§ **Source data**:

--- START ---

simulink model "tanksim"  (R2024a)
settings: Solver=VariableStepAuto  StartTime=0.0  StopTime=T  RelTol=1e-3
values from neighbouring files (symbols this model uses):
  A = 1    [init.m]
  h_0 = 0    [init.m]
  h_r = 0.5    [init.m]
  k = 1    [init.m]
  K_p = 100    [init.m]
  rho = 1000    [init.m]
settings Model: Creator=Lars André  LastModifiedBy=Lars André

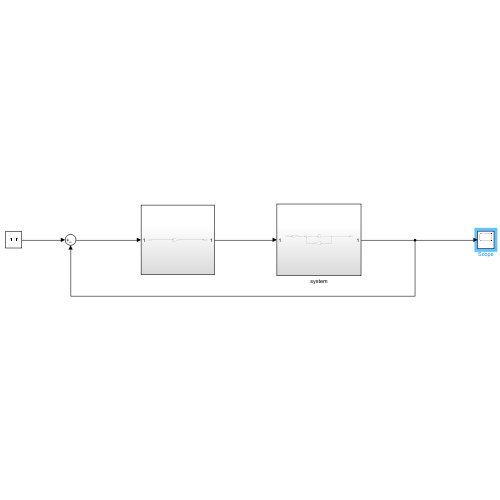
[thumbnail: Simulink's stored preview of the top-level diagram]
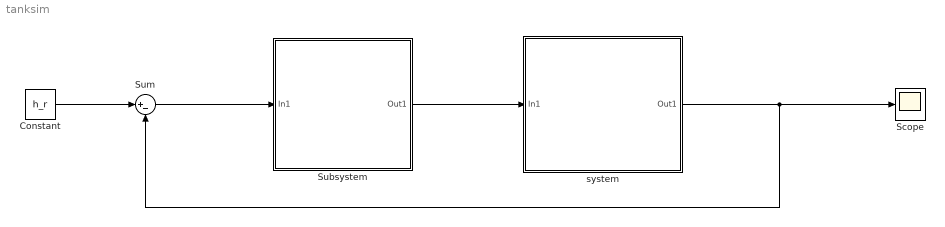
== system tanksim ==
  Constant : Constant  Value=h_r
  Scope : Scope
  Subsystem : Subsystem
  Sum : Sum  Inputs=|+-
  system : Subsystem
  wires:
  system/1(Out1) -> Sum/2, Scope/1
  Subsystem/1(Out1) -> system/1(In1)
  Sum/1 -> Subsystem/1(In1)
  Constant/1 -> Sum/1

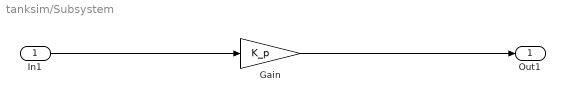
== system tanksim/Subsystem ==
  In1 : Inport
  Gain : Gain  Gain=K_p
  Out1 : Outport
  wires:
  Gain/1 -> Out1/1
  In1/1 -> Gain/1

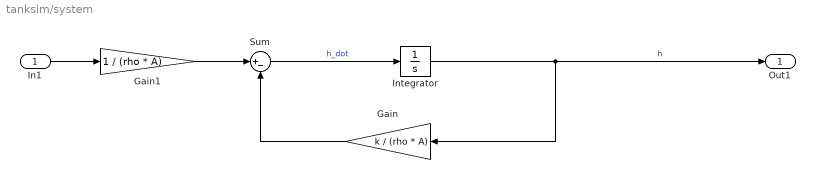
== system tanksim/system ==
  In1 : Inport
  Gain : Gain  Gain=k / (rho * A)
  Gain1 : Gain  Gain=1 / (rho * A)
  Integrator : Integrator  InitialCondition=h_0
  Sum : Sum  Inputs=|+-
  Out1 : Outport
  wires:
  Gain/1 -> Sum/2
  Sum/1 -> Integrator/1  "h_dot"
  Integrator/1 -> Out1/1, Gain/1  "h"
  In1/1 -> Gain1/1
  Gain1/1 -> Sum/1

--- END ---

§ **What you should do**: Scan the material for the word "tanksim". Return every line where it is found.

§ **Written solution**:
simulink model "tanksim"  (R2024a)
== system tanksim ==
== system tanksim/Subsystem ==
== system tanksim/system ==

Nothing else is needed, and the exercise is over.